Robust Copy Number Alteration Detection (RCNA)

RCNA is an R package used to detect the copy number alterations from the targeted panel sequencing data without matched controls.

Introduction

Copy number alteration (CNA) is a kind of mutation widely observed across a variety of tumor types. Recurrent CNAs in cancer cells have been identified as an important factor in cancer development, and somatic CNAs promote the development and progression of cancers by altering the gene expression levels. Sequencing of a panel of targeted genes is common for cancer research given the relatively low cost compared with whole genome sequencing and whole exome sequencing. However, detecting CNAs from targeted sequencing remains a challenge due to the limited breadth of the coverage and capture bias in different targeted regions. Here we describe a new method for robust method for copy number alteration (CNA) detection that is specially designed to detect CNAs from targeted sequencing of tumor samples without matched controls. In this method, sequencing coverage bias caused by GC content were corrected before CNA detection to eliminate the different performance on regions from different genes. This method was based on sequencing coverage data at base level that enable it to detect CNAs in small scale (e.g. exon level), and can be applied to the targeted sequencing dataset with a small number of gene panels.

Installation

For now this package is only offered through the GitHub page, pending further acceptance from CRAN or other repositories

You may install RCNA from CRAN using the following command:

install.packages("RCNA")

You may also install RCNA using devtools:

devtools::install_github("repo")`

Tutorial

This package contains tools to

• Estimate and correct for GC content bias in sequencing coverage.

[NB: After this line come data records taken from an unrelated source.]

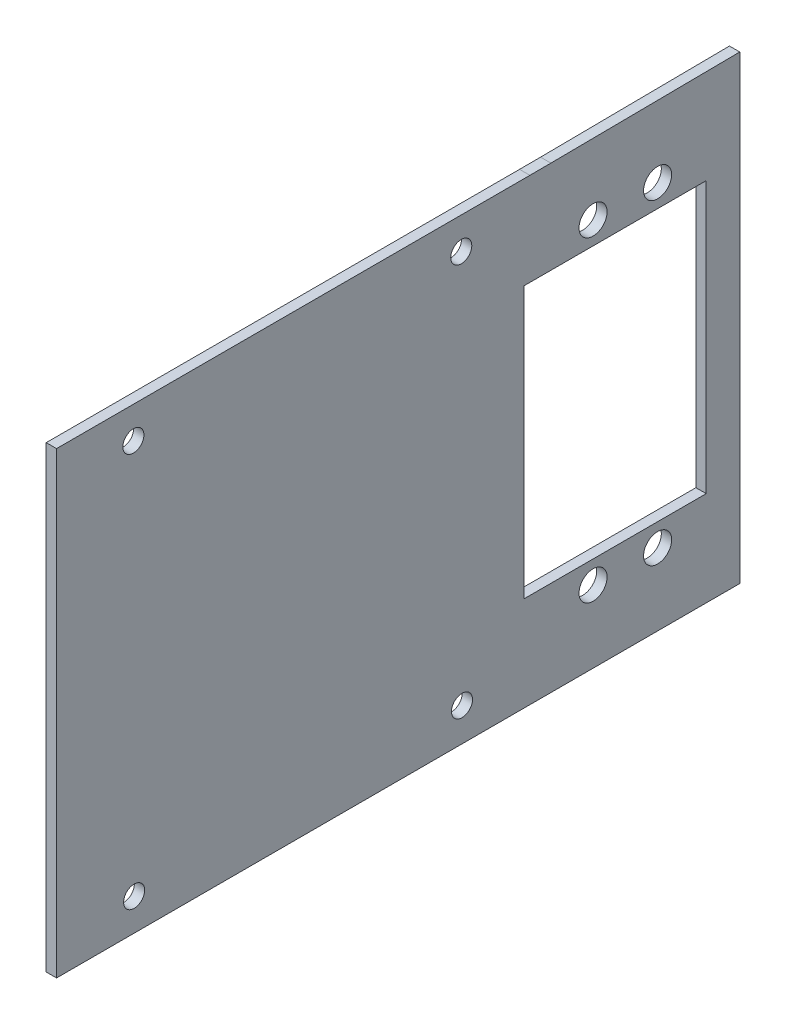
ISO-10303-21;
HEADER;
FILE_DESCRIPTION(('STEP AP214'),'2;1');
FILE_NAME('part.step','',(''),(''),'','','');
FILE_SCHEMA(('AUTOMOTIVE_DESIGN { 1 0 10303 214 1 1 1 1 }'));
ENDSEC;
DATA;
#1=APPLICATION_CONTEXT('core data for automotive mechanical design processes');
#2=APPLICATION_PROTOCOL_DEFINITION('international standard','automotive_design',2000,#1);
#3=PRODUCT_CONTEXT('',#1,'mechanical');
#4=PRODUCT('Part','Part','',(#3));
#5=PRODUCT_RELATED_PRODUCT_CATEGORY('part','',(#4));
#6=PRODUCT_DEFINITION_FORMATION('','',#4);
#7=PRODUCT_DEFINITION_CONTEXT('part definition',#1,'design');
#8=PRODUCT_DEFINITION('design','',#6,#7);
#9=PRODUCT_DEFINITION_SHAPE('','',#8);
#10=(LENGTH_UNIT() NAMED_UNIT(*) SI_UNIT(.MILLI.,.METRE.));
#11=(NAMED_UNIT(*) PLANE_ANGLE_UNIT() SI_UNIT($,.RADIAN.));
#12=(NAMED_UNIT(*) SI_UNIT($,.STERADIAN.) SOLID_ANGLE_UNIT());
#13=UNCERTAINTY_MEASURE_WITH_UNIT(LENGTH_MEASURE(1.E-05),#10,'distance_accuracy_value','');
#14=(GEOMETRIC_REPRESENTATION_CONTEXT(3) GLOBAL_UNCERTAINTY_ASSIGNED_CONTEXT((#13)) GLOBAL_UNIT_ASSIGNED_CONTEXT((#10,
#11,#12)) REPRESENTATION_CONTEXT('',''));
#15=CARTESIAN_POINT('',(0.,0.,0.));
#16=DIRECTION('',(0.,0.,1.));
#17=DIRECTION('',(1.,0.,0.));
#18=AXIS2_PLACEMENT_3D('',#15,#16,#17);
#19=CARTESIAN_POINT('',(2.55483041066384,0.,-24.4590309822833));
#20=DIRECTION('',(0.,0.,-1.));
#21=DIRECTION('',(0.,-1.,0.));
#22=AXIS2_PLACEMENT_3D('',#19,#20,#21);
#23=PLANE('',#22);
#24=DIRECTION('',(-1.,0.,0.));
#25=VECTOR('',#24,1.);
#26=CARTESIAN_POINT('',(2.55483041066384,2.25093971240042E-08,-24.4590309822833));
#27=LINE('',#26,#25);
#28=CARTESIAN_POINT('',(4.15503041066384,2.25093971240042E-08,-24.4590309822833));
#29=VERTEX_POINT('',#28);
#30=CARTESIAN_POINT('',(2.55483041066384,2.25093971240042E-08,-24.4590309822833));
#31=VERTEX_POINT('',#30);
#32=EDGE_CURVE('E49',#29,#31,#27,.T.);
#33=ORIENTED_EDGE('',*,*,#32,.F.);
#34=DIRECTION('',(0.,1.,0.));
#35=VECTOR('',#34,1.);
#36=CARTESIAN_POINT('',(4.15503041066384,0.,-24.4590309822833));
#37=LINE('',#36,#35);
#38=CARTESIAN_POINT('',(4.15503041066384,42.0000000225094,-24.4590309822833));
#39=VERTEX_POINT('',#38);
#40=EDGE_CURVE('E84',#39,#29,#37,.F.);
#41=ORIENTED_EDGE('',*,*,#40,.F.);
#42=DIRECTION('',(-1.,0.,0.));
#43=VECTOR('',#42,1.);
#44=CARTESIAN_POINT('',(2.55483041066385,42.0000000225094,-24.4590309822833));
#45=LINE('',#44,#43);
#46=CARTESIAN_POINT('',(2.55483041066385,42.0000000225094,-24.4590309822833));
#47=VERTEX_POINT('',#46);
#48=EDGE_CURVE('E65',#39,#47,#45,.T.);
#49=ORIENTED_EDGE('',*,*,#48,.T.);
#50=DIRECTION('',(0.,-1.,0.));
#51=VECTOR('',#50,1.);
#52=CARTESIAN_POINT('',(2.55483041066384,0.,-24.4590309822833));
#53=LINE('',#52,#51);
#54=EDGE_CURVE('E85',#47,#31,#53,.T.);
#55=ORIENTED_EDGE('',*,*,#54,.T.);
#56=EDGE_LOOP('',(#33,#41,#49,#55));
#57=FACE_BOUND('',#56,.T.);
#58=ADVANCED_FACE('F41',(#57),#23,.F.);
#59=CARTESIAN_POINT('',(2.55483041066385,42.0000000225094,-1.67903588676194));
#60=DIRECTION('',(0.,-1.,0.));
#61=DIRECTION('',(0.,0.,1.));
#62=AXIS2_PLACEMENT_3D('',#59,#60,#61);
#63=PLANE('',#62);
#64=ORIENTED_EDGE('',*,*,#48,.F.);
#65=DIRECTION('',(0.,0.,1.));
#66=VECTOR('',#65,1.);
#67=CARTESIAN_POINT('',(4.15503041066385,42.0000000225094,-1.67903588676194));
#68=LINE('',#67,#66);
#69=CARTESIAN_POINT('',(4.15503041066385,42.0000000225094,3.81000000000002));
#70=VERTEX_POINT('',#69);
#71=EDGE_CURVE('E100',#39,#70,#68,.T.);
#72=ORIENTED_EDGE('',*,*,#71,.T.);
#73=DIRECTION('',(-1.,0.,0.));
#74=VECTOR('',#73,1.);
#75=CARTESIAN_POINT('',(2.55483041066385,42.0000000225094,3.80999999999999));
#76=LINE('',#75,#74);
#77=CARTESIAN_POINT('',(2.55483041066385,42.0000000225094,3.80999999999999));
#78=VERTEX_POINT('',#77);
#79=EDGE_CURVE('E173',#70,#78,#76,.T.);
#80=ORIENTED_EDGE('',*,*,#79,.T.);
#81=DIRECTION('',(0.,0.,1.));
#82=VECTOR('',#81,1.);
#83=CARTESIAN_POINT('',(2.55483041066385,42.0000000225094,-1.67903588676194));
#84=LINE('',#83,#82);
#85=EDGE_CURVE('E152',#47,#78,#84,.T.);
#86=ORIENTED_EDGE('',*,*,#85,.F.);
#87=EDGE_LOOP('',(#64,#72,#80,#86));
#88=FACE_BOUND('',#87,.T.);
#89=ADVANCED_FACE('F170',(#88),#63,.T.);
#90=CARTESIAN_POINT('',(2.55483041066385,56.3940976093207,-1.14126356648633));
#91=DIRECTION('',(0.,-0.999954535756131,-0.00953553463323434));
#92=DIRECTION('',(0.,-0.00953553463323434,0.999954535756131));
#93=AXIS2_PLACEMENT_3D('',#90,#91,#92);
#94=PLANE('',#93);
#95=DIRECTION('',(-1.,0.,0.));
#96=VECTOR('',#95,1.);
#97=CARTESIAN_POINT('',(2.55483041066385,56.386973687143,-0.394205476098086));
#98=LINE('',#97,#96);
#99=CARTESIAN_POINT('',(4.15503041066385,56.386973687143,-0.394205476098086));
#100=VERTEX_POINT('',#99);
#101=CARTESIAN_POINT('',(2.55483041066385,56.386973687143,-0.394205476098086));
#102=VERTEX_POINT('',#101);
#103=EDGE_CURVE('E12',#100,#102,#98,.T.);
#104=ORIENTED_EDGE('',*,*,#103,.F.);
#105=DIRECTION('',(0.,-0.00953553463323434,0.999954535756131));
#106=VECTOR('',#105,1.);
#107=CARTESIAN_POINT('',(4.15503041066385,56.3940976093207,-1.14126356648633));
#108=LINE('',#107,#106);
#109=CARTESIAN_POINT('',(4.15503041066385,56.6660668038328,-29.6616182291907));
#110=VERTEX_POINT('',#109);
#111=EDGE_CURVE('E56',#110,#100,#108,.T.);
#112=ORIENTED_EDGE('',*,*,#111,.F.);
#113=DIRECTION('',(-1.,0.,0.));
#114=VECTOR('',#113,1.);
#115=CARTESIAN_POINT('',(2.55483041066385,56.6660668038328,-29.6616182291907));
#116=LINE('',#115,#114);
#117=CARTESIAN_POINT('',(2.55483041066385,56.6660668038328,-29.6616182291907));
#118=VERTEX_POINT('',#117);
#119=EDGE_CURVE('E130',#110,#118,#116,.T.);
#120=ORIENTED_EDGE('',*,*,#119,.T.);
#121=DIRECTION('',(0.,-0.00953553463323434,0.999954535756131));
#122=VECTOR('',#121,1.);
#123=CARTESIAN_POINT('',(2.55483041066385,56.3940976093207,-1.14126356648633));
#124=LINE('',#123,#122);
#125=EDGE_CURVE('E138',#118,#102,#124,.T.);
#126=ORIENTED_EDGE('',*,*,#125,.T.);
#127=EDGE_LOOP('',(#104,#112,#120,#126));
#128=FACE_BOUND('',#127,.T.);
#129=ADVANCED_FACE('F137',(#128),#94,.F.);
#130=CARTESIAN_POINT('',(2.55483041066384,0.,-29.6616182291907));
#131=DIRECTION('',(0.,0.,1.));
#132=DIRECTION('',(0.,1.,0.));
#133=AXIS2_PLACEMENT_3D('',#130,#131,#132);
#134=PLANE('',#133);
#135=ORIENTED_EDGE('',*,*,#119,.F.);
#136=DIRECTION('',(0.,1.,0.));
#137=VECTOR('',#136,1.);
#138=CARTESIAN_POINT('',(4.15503041066384,0.,-29.6616182291907));
#139=LINE('',#138,#137);
#140=CARTESIAN_POINT('',(4.15503041066384,-14.6647486988781,-29.6616182291907));
#141=VERTEX_POINT('',#140);
#142=EDGE_CURVE('E110',#141,#110,#139,.T.);
#143=ORIENTED_EDGE('',*,*,#142,.F.);
#144=DIRECTION('',(-1.,0.,0.));
#145=VECTOR('',#144,1.);
#146=CARTESIAN_POINT('',(2.55483041066384,-14.6647486988781,-29.6616182291907));
#147=LINE('',#146,#145);
#148=CARTESIAN_POINT('',(2.55483041066384,-14.6647486988781,-29.6616182291907));
#149=VERTEX_POINT('',#148);
#150=EDGE_CURVE('E127',#141,#149,#147,.T.);
#151=ORIENTED_EDGE('',*,*,#150,.T.);
#152=DIRECTION('',(0.,1.,0.));
#153=VECTOR('',#152,1.);
#154=CARTESIAN_POINT('',(2.55483041066384,0.,-29.6616182291907));
#155=LINE('',#154,#153);
#156=EDGE_CURVE('E149',#149,#118,#155,.T.);
#157=ORIENTED_EDGE('',*,*,#156,.T.);
#158=EDGE_LOOP('',(#135,#143,#151,#157));
#159=FACE_BOUND('',#158,.T.);
#160=ADVANCED_FACE('F154',(#159),#134,.F.);
#161=CARTESIAN_POINT('',(2.55483041066384,-14.6647486988781,-1.67903588676192));
#162=DIRECTION('',(0.,-1.,0.));
#163=DIRECTION('',(0.,0.,1.));
#164=AXIS2_PLACEMENT_3D('',#161,#162,#163);
#165=PLANE('',#164);
#166=ORIENTED_EDGE('',*,*,#150,.F.);
#167=DIRECTION('',(0.,0.,1.));
#168=VECTOR('',#167,1.);
#169=CARTESIAN_POINT('',(4.15503041066384,-14.6647486988781,-1.67903588676192));
#170=LINE('',#169,#168);
#171=CARTESIAN_POINT('',(4.15503041066384,-14.6647486988781,76.2));
#172=VERTEX_POINT('',#171);
#173=EDGE_CURVE('E107',#141,#172,#170,.T.);
#174=ORIENTED_EDGE('',*,*,#173,.T.);
#175=DIRECTION('',(-1.,0.,0.));
#176=VECTOR('',#175,1.);
#177=CARTESIAN_POINT('',(2.55483041066384,-14.6647486988781,76.2));
#178=LINE('',#177,#176);
#179=CARTESIAN_POINT('',(2.55483041066384,-14.6647486988781,76.2));
#180=VERTEX_POINT('',#179);
#181=EDGE_CURVE('E220',#172,#180,#178,.T.);
#182=ORIENTED_EDGE('',*,*,#181,.T.);
#183=DIRECTION('',(0.,0.,1.));
#184=VECTOR('',#183,1.);
#185=CARTESIAN_POINT('',(2.55483041066384,-14.6647486988781,-1.67903588676192));
#186=LINE('',#185,#184);
#187=EDGE_CURVE('E155',#149,#180,#186,.T.);
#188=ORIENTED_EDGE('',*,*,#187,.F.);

• Calculate normal karyotype range (CI) for CNA estimates

• Estimate copy number alteration (CNA) and report significant alterations.

In order to run RCNA you must have a sequence file that specifies position, base, and coverage, as well as an annotation file containing genes and their associated genomic intervals. Examples of these files can be found in the vignette.

The general workflow typically looks like

correct_gc_bias() -> estimate_nkr() -> estimate_feature_score()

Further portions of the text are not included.